Extracted records>
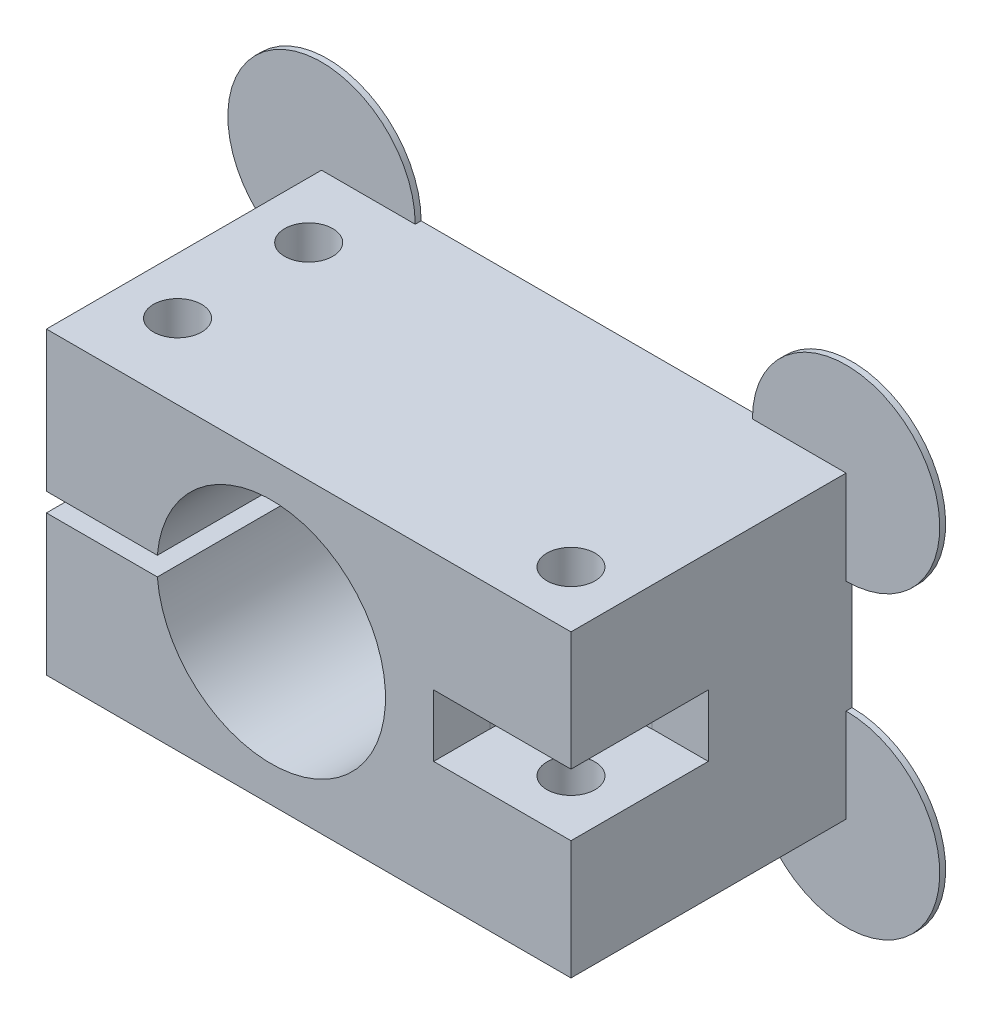
ISO-10303-21;
HEADER;
FILE_DESCRIPTION(('STEP AP214'),'2;1');
FILE_NAME('part.step','',(''),(''),'','','');
FILE_SCHEMA(('AUTOMOTIVE_DESIGN { 1 0 10303 214 1 1 1 1 }'));
ENDSEC;
DATA;
#1=APPLICATION_CONTEXT('core data for automotive mechanical design processes');
#2=APPLICATION_PROTOCOL_DEFINITION('international standard','automotive_design',2000,#1);
#3=PRODUCT_CONTEXT('',#1,'mechanical');
#4=PRODUCT('Part','Part','',(#3));
#5=PRODUCT_RELATED_PRODUCT_CATEGORY('part','',(#4));
#6=PRODUCT_DEFINITION_FORMATION('','',#4);
#7=PRODUCT_DEFINITION_CONTEXT('part definition',#1,'design');
#8=PRODUCT_DEFINITION('design','',#6,#7);
#9=PRODUCT_DEFINITION_SHAPE('','',#8);
#10=(LENGTH_UNIT() NAMED_UNIT(*) SI_UNIT(.MILLI.,.METRE.));
#11=(NAMED_UNIT(*) PLANE_ANGLE_UNIT() SI_UNIT($,.RADIAN.));
#12=(NAMED_UNIT(*) SI_UNIT($,.STERADIAN.) SOLID_ANGLE_UNIT());
#13=UNCERTAINTY_MEASURE_WITH_UNIT(LENGTH_MEASURE(1.E-05),#10,'distance_accuracy_value','');
#14=(GEOMETRIC_REPRESENTATION_CONTEXT(3) GLOBAL_UNCERTAINTY_ASSIGNED_CONTEXT((#13)) GLOBAL_UNIT_ASSIGNED_CONTEXT((#10,
#11,#12)) REPRESENTATION_CONTEXT('',''));
#15=CARTESIAN_POINT('',(0.,0.,0.));
#16=DIRECTION('',(0.,0.,1.));
#17=DIRECTION('',(1.,0.,0.));
#18=AXIS2_PLACEMENT_3D('',#15,#16,#17);
#19=CARTESIAN_POINT('',(20.32,-10.16,19.05));
#20=DIRECTION('',(-1.,0.,0.));
#21=DIRECTION('',(0.,0.,1.));
#22=AXIS2_PLACEMENT_3D('',#19,#20,#21);
#23=PLANE('',#22);
#24=DIRECTION('',(0.,1.,0.));
#25=VECTOR('',#24,1.);
#26=CARTESIAN_POINT('',(20.32,-10.16,0.));
#27=LINE('',#26,#25);
#28=CARTESIAN_POINT('',(20.32,-3.81,0.));
#29=VERTEX_POINT('',#28);
#30=CARTESIAN_POINT('',(20.32,3.80999999999999,0.));
#31=VERTEX_POINT('',#30);
#32=EDGE_CURVE('E186',#29,#31,#27,.T.);
#33=ORIENTED_EDGE('',*,*,#32,.T.);
#34=DIRECTION('',(0.,0.,-1.));
#35=VECTOR('',#34,1.);
#36=CARTESIAN_POINT('',(20.32,3.80999999999999,0.4));
#37=LINE('',#36,#35);
#38=CARTESIAN_POINT('',(20.32,3.80999999999999,0.400000000000001));
#39=VERTEX_POINT('',#38);
#40=EDGE_CURVE('E196',#31,#39,#37,.F.);
#41=ORIENTED_EDGE('',*,*,#40,.T.);
#42=DIRECTION('',(0.,-1.,0.));
#43=VECTOR('',#42,1.);
#44=CARTESIAN_POINT('',(20.32,-10.16,0.400000000000001));
#45=LINE('',#44,#43);
#46=CARTESIAN_POINT('',(20.32,10.16,0.400000000000008));
#47=VERTEX_POINT('',#46);
#48=EDGE_CURVE('E207',#47,#39,#45,.T.);
#49=ORIENTED_EDGE('',*,*,#48,.F.);
#50=DIRECTION('',(0.,0.,-1.));
#51=VECTOR('',#50,1.);
#52=CARTESIAN_POINT('',(20.32,10.16,19.05));
#53=LINE('',#52,#51);
#54=CARTESIAN_POINT('',(20.32,10.16,19.05));
#55=VERTEX_POINT('',#54);
#56=EDGE_CURVE('E338',#55,#47,#53,.T.);
#57=ORIENTED_EDGE('',*,*,#56,.F.);
#58=DIRECTION('',(0.,1.,0.));
#59=VECTOR('',#58,1.);
#60=CARTESIAN_POINT('',(20.32,-10.16,19.05));
#61=LINE('',#60,#59);
#62=CARTESIAN_POINT('',(20.32,2.1,19.05));
#63=VERTEX_POINT('',#62);
#64=EDGE_CURVE('E325',#63,#55,#61,.T.);
#65=ORIENTED_EDGE('',*,*,#64,.F.);
#66=DIRECTION('',(0.,0.,-1.));
#67=VECTOR('',#66,1.);
#68=CARTESIAN_POINT('',(20.32,2.1,19.05));
#69=LINE('',#68,#67);
#70=CARTESIAN_POINT('',(20.32,2.1,9.74));
#71=VERTEX_POINT('',#70);
#72=EDGE_CURVE('E286',#63,#71,#69,.T.);
#73=ORIENTED_EDGE('',*,*,#72,.T.);
#74=DIRECTION('',(0.,-1.,0.));
#75=VECTOR('',#74,1.);
#76=CARTESIAN_POINT('',(20.32,-10.16,9.74));
#77=LINE('',#76,#75);
#78=CARTESIAN_POINT('',(20.32,-2.1,9.74));
#79=VERTEX_POINT('',#78);
#80=EDGE_CURVE('E354',#71,#79,#77,.T.);
#81=ORIENTED_EDGE('',*,*,#80,.T.);
#82=DIRECTION('',(0.,0.,-1.));
#83=VECTOR('',#82,1.);
#84=CARTESIAN_POINT('',(20.32,-2.1,19.05));
#85=LINE('',#84,#83);
#86=CARTESIAN_POINT('',(20.32,-2.1,19.05));
#87=VERTEX_POINT('',#86);
#88=EDGE_CURVE('E290',#87,#79,#85,.T.);
#89=ORIENTED_EDGE('',*,*,#88,.F.);
#90=CARTESIAN_POINT('',(20.32,-10.16,19.05));
#91=VERTEX_POINT('',#90);
#92=EDGE_CURVE('E326',#91,#87,#61,.T.);
#93=ORIENTED_EDGE('',*,*,#92,.F.);
#94=DIRECTION('',(0.,0.,-1.));
#95=VECTOR('',#94,1.);
#96=CARTESIAN_POINT('',(20.32,-10.16,19.05));
#97=LINE('',#96,#95);
#98=CARTESIAN_POINT('',(20.32,-10.16,0.400000000000008));
#99=VERTEX_POINT('',#98);
#100=EDGE_CURVE('E340',#91,#99,#97,.T.);
#101=ORIENTED_EDGE('',*,*,#100,.T.);
#102=DIRECTION('',(0.,1.,0.));
#103=VECTOR('',#102,1.);
#104=CARTESIAN_POINT('',(20.32,-10.16,0.400000000000001));
#105=LINE('',#104,#103);
#106=CARTESIAN_POINT('',(20.32,-3.81,0.400000000000001));
#107=VERTEX_POINT('',#106);
#108=EDGE_CURVE('E220',#99,#107,#105,.T.);
#109=ORIENTED_EDGE('',*,*,#108,.T.);
#110=DIRECTION('',(0.,0.,-1.));
#111=VECTOR('',#110,1.);
#112=CARTESIAN_POINT('',(20.32,-3.81,0.4));
#113=LINE('',#112,#111);
#114=EDGE_CURVE('E218',#107,#29,#113,.T.);
#115=ORIENTED_EDGE('',*,*,#114,.T.);
#116=EDGE_LOOP('',(#33,#41,#49,#57,#65,#73,#81,#89,#93,#101,#109,#115));
#117=FACE_BOUND('',#116,.T.);
#118=ADVANCED_FACE('F33',(#117),#23,.F.);
#119=CARTESIAN_POINT('',(0.,0.,19.05));
#120=DIRECTION('',(0.,0.,-1.));
#121=DIRECTION('',(-1.,0.,0.));
#122=AXIS2_PLACEMENT_3D('',#119,#120,#121);
#123=PLANE('',#122);
#124=DIRECTION('',(1.,0.,0.));
#125=VECTOR('',#124,1.);
#126=CARTESIAN_POINT('',(0.,-2.1,19.05));
#127=LINE('',#126,#125);
#128=CARTESIAN_POINT('',(11.01,-2.1,19.05));
#129=VERTEX_POINT('',#128);
#130=EDGE_CURVE('E352',#129,#87,#127,.T.);
#131=ORIENTED_EDGE('',*,*,#130,.F.);
#132=DIRECTION('',(0.,1.,0.));
#133=VECTOR('',#132,1.);
#134=CARTESIAN_POINT('',(11.01,0.,19.05));
#135=LINE('',#134,#133);
#136=CARTESIAN_POINT('',(11.01,2.1,19.05));
#137=VERTEX_POINT('',#136);
#138=EDGE_CURVE('E349',#129,#137,#135,.T.);
#139=ORIENTED_EDGE('',*,*,#138,.T.);
#140=DIRECTION('',(1.,0.,0.));
#141=VECTOR('',#140,1.);
#142=CARTESIAN_POINT('',(0.,2.1,19.05));
#143=LINE('',#142,#141);
#144=EDGE_CURVE('E346',#137,#63,#143,.T.);
#145=ORIENTED_EDGE('',*,*,#144,.T.);
#146=ORIENTED_EDGE('',*,*,#64,.T.);
#147=DIRECTION('',(-1.,0.,0.));
#148=VECTOR('',#147,1.);
#149=CARTESIAN_POINT('',(-15.24,10.16,19.05));
#150=LINE('',#149,#148);
#151=CARTESIAN_POINT('',(-15.24,10.16,19.05));
#152=VERTEX_POINT('',#151);
#153=EDGE_CURVE('E329',#55,#152,#150,.T.);
#154=ORIENTED_EDGE('',*,*,#153,.T.);
#155=DIRECTION('',(0.,-1.,0.));
#156=VECTOR('',#155,1.);
#157=CARTESIAN_POINT('',(-15.24,-10.16,19.05));
#158=LINE('',#157,#156);
#159=CARTESIAN_POINT('',(-15.24,0.635,19.05));
#160=VERTEX_POINT('',#159);
#161=EDGE_CURVE('E320',#152,#160,#158,.T.);
#162=ORIENTED_EDGE('',*,*,#161,.T.);
#163=DIRECTION('',(-1.,0.,0.));
#164=VECTOR('',#163,1.);
#165=CARTESIAN_POINT('',(-15.2660684499861,0.635,19.05));
#166=LINE('',#165,#164);
#167=CARTESIAN_POINT('',(-7.7209315500139,0.635,19.05));
#168=VERTEX_POINT('',#167);
#169=EDGE_CURVE('E292',#168,#160,#166,.T.);
#170=ORIENTED_EDGE('',*,*,#169,.F.);
#171=CARTESIAN_POINT('',(0.,0.,19.05));
#172=DIRECTION('',(0.,0.,1.));
#173=DIRECTION('',(1.,0.,0.));
#174=AXIS2_PLACEMENT_3D('',#171,#172,#173);
#175=CIRCLE('',#174,7.747);
#176=CARTESIAN_POINT('',(-7.7209315500139,-0.635,19.05));
#177=VERTEX_POINT('',#176);
#178=EDGE_CURVE('E313',#177,#168,#175,.T.);
#179=ORIENTED_EDGE('',*,*,#178,.F.);
#180=DIRECTION('',(1.,0.,0.));
#181=VECTOR('',#180,1.);
#182=CARTESIAN_POINT('',(-15.2660684499861,-0.635,19.05));
#183=LINE('',#182,#181);
#184=CARTESIAN_POINT('',(-15.24,-0.635,19.05));
#185=VERTEX_POINT('',#184);
#186=EDGE_CURVE('E297',#185,#177,#183,.T.);
#187=ORIENTED_EDGE('',*,*,#186,.F.);
#188=CARTESIAN_POINT('',(-15.24,-10.16,19.05));
#189=VERTEX_POINT('',#188);
#190=EDGE_CURVE('E185',#185,#189,#158,.T.);
#191=ORIENTED_EDGE('',*,*,#190,.T.);
#192=DIRECTION('',(1.,0.,0.));
#193=VECTOR('',#192,1.);
#194=CARTESIAN_POINT('',(-15.24,-10.16,19.05));
#195=LINE('',#194,#193);
#196=EDGE_CURVE('E323',#189,#91,#195,.T.);
#197=ORIENTED_EDGE('',*,*,#196,.T.);
#198=ORIENTED_EDGE('',*,*,#92,.T.);
#199=EDGE_LOOP('',(#131,#139,#145,#146,#154,#162,#170,#179,#187,#191,#197,#198));
#200=FACE_BOUND('',#199,.T.);
#201=ADVANCED_FACE('F377',(#200),#123,.F.);
#202=CARTESIAN_POINT('',(-15.24,-10.16,19.05));
#203=DIRECTION('',(1.,0.,0.));
#204=DIRECTION('',(0.,0.,-1.));
#205=AXIS2_PLACEMENT_3D('',#202,#203,#204);
#206=PLANE('',#205);
#207=DIRECTION('',(0.,-1.,0.));
#208=VECTOR('',#207,1.);
#209=CARTESIAN_POINT('',(-15.24,-10.16,0.));
#210=LINE('',#209,#208);
#211=CARTESIAN_POINT('',(-15.24,-0.635,0.));
#212=VERTEX_POINT('',#211);
#213=CARTESIAN_POINT('',(-15.24,-3.81000000000001,0.));
#214=VERTEX_POINT('',#213);
#215=EDGE_CURVE('E317',#212,#214,#210,.T.);
#216=ORIENTED_EDGE('',*,*,#215,.T.);
#217=DIRECTION('',(0.,0.,-1.));
#218=VECTOR('',#217,1.);
#219=CARTESIAN_POINT('',(-15.24,-3.81000000000001,0.4));
#220=LINE('',#219,#218);
#221=CARTESIAN_POINT('',(-15.24,-3.81,0.400000000000001));
#222=VERTEX_POINT('',#221);
#223=EDGE_CURVE('E231',#214,#222,#220,.F.);
#224=ORIENTED_EDGE('',*,*,#223,.T.);
#225=DIRECTION('',(0.,1.,0.));
#226=VECTOR('',#225,1.);
#227=CARTESIAN_POINT('',(-15.24,-10.16,0.400000000000001));
#228=LINE('',#227,#226);
#229=CARTESIAN_POINT('',(-15.24,-10.16,0.400000000000008));
#230=VERTEX_POINT('',#229);
#231=EDGE_CURVE('E233',#230,#222,#228,.T.);
#232=ORIENTED_EDGE('',*,*,#231,.F.);
#233=DIRECTION('',(0.,0.,-1.));
#234=VECTOR('',#233,1.);
#235=CARTESIAN_POINT('',(-15.24,-10.16,19.05));
#236=LINE('',#235,#234);
#237=EDGE_CURVE('E343',#189,#230,#236,.T.);
#238=ORIENTED_EDGE('',*,*,#237,.F.);
#239=ORIENTED_EDGE('',*,*,#190,.F.);
#240=DIRECTION('',(0.,0.,-1.));
#241=VECTOR('',#240,1.);
#242=CARTESIAN_POINT('',(-15.24,-0.635,19.05));
#243=LINE('',#242,#241);
#244=EDGE_CURVE('E310',#185,#212,#243,.T.);
#245=ORIENTED_EDGE('',*,*,#244,.T.);
#246=EDGE_LOOP('',(#216,#224,#232,#238,#239,#245));
#247=FACE_BOUND('',#246,.T.);
#248=ADVANCED_FACE('F421',(#247),#206,.F.);
#249=DIRECTION('',(0.,-1.,0.));
#250=VECTOR('',#249,1.);
#251=CARTESIAN_POINT('',(-15.24,-10.16,0.400000000000001));
#252=LINE('',#251,#250);
#253=CARTESIAN_POINT('',(-15.24,10.16,0.400000000000008));
#254=VERTEX_POINT('',#253);
#255=CARTESIAN_POINT('',(-15.24,3.81,0.400000000000001));
#256=VERTEX_POINT('',#255);
#257=EDGE_CURVE('E48',#254,#256,#252,.T.);
#258=ORIENTED_EDGE('',*,*,#257,.T.);
#259=DIRECTION('',(0.,0.,-1.));
#260=VECTOR('',#259,1.);
#261=CARTESIAN_POINT('',(-15.24,3.81000000000001,0.4));
#262=LINE('',#261,#260);
#263=CARTESIAN_POINT('',(-15.24,3.81000000000001,0.));
#264=VERTEX_POINT('',#263);
#265=EDGE_CURVE('E203',#256,#264,#262,.T.);
#266=ORIENTED_EDGE('',*,*,#265,.T.);
#267=CARTESIAN_POINT('',(-15.24,0.635,0.));
#268=VERTEX_POINT('',#267);
#269=EDGE_CURVE('E332',#264,#268,#210,.T.);
#270=ORIENTED_EDGE('',*,*,#269,.T.);
#271=DIRECTION('',(0.,0.,1.));
#272=VECTOR('',#271,1.);
#273=CARTESIAN_POINT('',(-15.24,0.635,19.05));
#274=LINE('',#273,#272);
#275=EDGE_CURVE('E306',#268,#160,#274,.T.);
#276=ORIENTED_EDGE('',*,*,#275,.T.);
#277=ORIENTED_EDGE('',*,*,#161,.F.);
#278=DIRECTION('',(0.,0.,-1.));
#279=VECTOR('',#278,1.);
#280=CARTESIAN_POINT('',(-15.24,10.16,19.05));
#281=LINE('',#280,#279);
#282=EDGE_CURVE('E331',#152,#254,#281,.T.);
#283=ORIENTED_EDGE('',*,*,#282,.T.);
#284=EDGE_LOOP('',(#258,#266,#270,#276,#277,#283));
#285=FACE_BOUND('',#284,.T.);
#286=ADVANCED_FACE('F35',(#285),#206,.F.);
#287=CARTESIAN_POINT('',(-15.24,-10.16,19.05));
#288=DIRECTION('',(0.,1.,0.));
#289=DIRECTION('',(-1.,0.,0.));
#290=AXIS2_PLACEMENT_3D('',#287,#288,#289);
#291=PLANE('',#290);
#292=CARTESIAN_POINT('',(-11.43,-10.16,13.97));
#293=DIRECTION('',(0.,-1.,0.));
#294=DIRECTION('',(0.,0.,-1.));
#295=AXIS2_PLACEMENT_3D('',#292,#293,#294);
#296=CIRCLE('',#295,1.63195);
#297=CARTESIAN_POINT('',(-11.43,-10.16,12.33805));
#298=VERTEX_POINT('',#297);
#299=EDGE_CURVE('E236',#298,#298,#296,.T.);
#300=ORIENTED_EDGE('',*,*,#299,.F.);
#301=EDGE_LOOP('',(#300));
#302=FACE_BOUND('',#301,.T.);
#303=CARTESIAN_POINT('',(-11.43,-10.16,5.08));
#304=DIRECTION('',(0.,-1.,0.));
#305=DIRECTION('',(0.,0.,-1.));
#306=AXIS2_PLACEMENT_3D('',#303,#304,#305);
#307=CIRCLE('',#306,1.63195);
#308=CARTESIAN_POINT('',(-11.43,-10.16,3.44805));
#309=VERTEX_POINT('',#308);
#310=EDGE_CURVE('E246',#309,#309,#307,.T.);
#311=ORIENTED_EDGE('',*,*,#310,.F.);
#312=EDGE_LOOP('',(#311));
#313=FACE_BOUND('',#312,.T.);
#314=CARTESIAN_POINT('',(16.51,-10.16,15.24));
#315=DIRECTION('',(0.,-1.,0.));
#316=DIRECTION('',(0.,0.,-1.));
#317=AXIS2_PLACEMENT_3D('',#314,#315,#316);
#318=CIRCLE('',#317,1.63195);
#319=CARTESIAN_POINT('',(16.51,-10.16,13.60805));
#320=VERTEX_POINT('',#319);
#321=EDGE_CURVE('E256',#320,#320,#318,.T.);
#322=ORIENTED_EDGE('',*,*,#321,.F.);
#323=EDGE_LOOP('',(#322));
#324=FACE_BOUND('',#323,.T.);
#325=DIRECTION('',(1.,0.,0.));
#326=VECTOR('',#325,1.);
#327=CARTESIAN_POINT('',(-15.24,-10.16,0.));
#328=LINE('',#327,#326);
#329=CARTESIAN_POINT('',(-8.89,-10.16,0.));
#330=VERTEX_POINT('',#329);
#331=CARTESIAN_POINT('',(13.97,-10.16,0.));
#332=VERTEX_POINT('',#331);
#333=EDGE_CURVE('E334',#330,#332,#328,.T.);
#334=ORIENTED_EDGE('',*,*,#333,.T.);
#335=DIRECTION('',(0.,0.,-1.));
#336=VECTOR('',#335,1.);
#337=CARTESIAN_POINT('',(13.97,-10.16,0.4));
#338=LINE('',#337,#336);
#339=CARTESIAN_POINT('',(13.97,-10.16,0.4));
#340=VERTEX_POINT('',#339);
#341=EDGE_CURVE('E214',#332,#340,#338,.F.);
#342=ORIENTED_EDGE('',*,*,#341,.T.);
#343=DIRECTION('',(1.,0.,0.));
#344=VECTOR('',#343,1.);
#345=CARTESIAN_POINT('',(-15.24,-10.16,0.400000000000001));
#346=LINE('',#345,#344);
#347=EDGE_CURVE('E366',#340,#99,#346,.T.);
#348=ORIENTED_EDGE('',*,*,#347,.T.);
#349=ORIENTED_EDGE('',*,*,#100,.F.);
#350=ORIENTED_EDGE('',*,*,#196,.F.);
#351=ORIENTED_EDGE('',*,*,#237,.T.);
#352=DIRECTION('',(-1.,0.,0.));
#353=VECTOR('',#352,1.);
#354=CARTESIAN_POINT('',(-15.24,-10.16,0.400000000000001));
#355=LINE('',#354,#353);
#356=CARTESIAN_POINT('',(-8.89,-10.16,0.4));
#357=VERTEX_POINT('',#356);
#358=EDGE_CURVE('E357',#357,#230,#355,.T.);
#359=ORIENTED_EDGE('',*,*,#358,.F.);
#360=DIRECTION('',(0.,0.,-1.));
#361=VECTOR('',#360,1.);
#362=CARTESIAN_POINT('',(-8.89,-10.16,0.4));
#363=LINE('',#362,#361);
#364=EDGE_CURVE('E226',#357,#330,#363,.T.);
#365=ORIENTED_EDGE('',*,*,#364,.T.);
#366=EDGE_LOOP('',(#334,#342,#348,#349,#350,#351,#359,#365));
#367=FACE_BOUND('',#366,.T.);
#368=ADVANCED_FACE('F402',(#302,#313,#324,#367),#291,.F.);
#369=CARTESIAN_POINT('',(-15.24,10.16,19.05));
#370=DIRECTION('',(0.,-1.,0.));
#371=DIRECTION('',(1.,0.,0.));
#372=AXIS2_PLACEMENT_3D('',#369,#370,#371);
#373=PLANE('',#372);
#374=CARTESIAN_POINT('',(-11.43,10.16,13.97));
#375=DIRECTION('',(0.,-1.,0.));
#376=DIRECTION('',(0.,0.,-1.));
#377=AXIS2_PLACEMENT_3D('',#374,#375,#376);
#378=CIRCLE('',#377,1.63194999999999);
#379=CARTESIAN_POINT('',(-11.43,10.16,12.33805));
#380=VERTEX_POINT('',#379);
#381=EDGE_CURVE('E239',#380,#380,#378,.T.);
#382=ORIENTED_EDGE('',*,*,#381,.T.);
#383=EDGE_LOOP('',(#382));
#384=FACE_BOUND('',#383,.T.);
#385=CARTESIAN_POINT('',(-11.43,10.16,5.08));
#386=DIRECTION('',(0.,-1.,0.));
#387=DIRECTION('',(0.,0.,-1.));
#388=AXIS2_PLACEMENT_3D('',#385,#386,#387);
#389=CIRCLE('',#388,1.63194999999999);
#390=CARTESIAN_POINT('',(-11.43,10.16,3.44805000000001));
#391=VERTEX_POINT('',#390);
#392=EDGE_CURVE('E249',#391,#391,#389,.T.);
#393=ORIENTED_EDGE('',*,*,#392,.T.);
#394=EDGE_LOOP('',(#393));
#395=FACE_BOUND('',#394,.T.);
#396=CARTESIAN_POINT('',(16.51,10.16,15.24));
#397=DIRECTION('',(0.,-1.,0.));
#398=DIRECTION('',(0.,0.,-1.));
#399=AXIS2_PLACEMENT_3D('',#396,#397,#398);
#400=CIRCLE('',#399,1.63194999999999);
#401=CARTESIAN_POINT('',(16.51,10.16,13.60805));
#402=VERTEX_POINT('',#401);
#403=EDGE_CURVE('E259',#402,#402,#400,.T.);
#404=ORIENTED_EDGE('',*,*,#403,.T.);
#405=EDGE_LOOP('',(#404));
#406=FACE_BOUND('',#405,.T.);
#407=DIRECTION('',(-1.,0.,0.));
#408=VECTOR('',#407,1.);
#409=CARTESIAN_POINT('',(-15.24,10.16,0.));
#410=LINE('',#409,#408);
#411=CARTESIAN_POINT('',(13.97,10.16,0.));
#412=VERTEX_POINT('',#411);
#413=CARTESIAN_POINT('',(-8.89,10.16,0.));
#414=VERTEX_POINT('',#413);
#415=EDGE_CURVE('E176',#412,#414,#410,.T.);
#416=ORIENTED_EDGE('',*,*,#415,.T.);
#417=DIRECTION('',(0.,0.,-1.));
#418=VECTOR('',#417,1.);
#419=CARTESIAN_POINT('',(-8.89,10.16,0.4));
#420=LINE('',#419,#418);
#421=CARTESIAN_POINT('',(-8.89,10.16,0.4));
#422=VERTEX_POINT('',#421);
#423=EDGE_CURVE('E55',#414,#422,#420,.F.);
#424=ORIENTED_EDGE('',*,*,#423,.T.);
#425=DIRECTION('',(-1.,0.,0.));
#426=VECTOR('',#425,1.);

Instructions to follow> In the entries above, find the line holding "#51=VECTOR('',#50,1.);" and the line holding "#60=CARTESIAN_POINT('',(20.32,-10.16,19.05));", then retype exactly those two lines and every line between them, and nothing else.

Exercise response>
#51=VECTOR('',#50,1.);
#52=CARTESIAN_POINT('',(20.32,10.16,19.05));
#53=LINE('',#52,#51);
#54=CARTESIAN_POINT('',(20.32,10.16,19.05));
#55=VERTEX_POINT('',#54);
#56=EDGE_CURVE('E338',#55,#47,#53,.T.);
#57=ORIENTED_EDGE('',*,*,#56,.F.);
#58=DIRECTION('',(0.,1.,0.));
#59=VECTOR('',#58,1.);
#60=CARTESIAN_POINT('',(20.32,-10.16,19.05));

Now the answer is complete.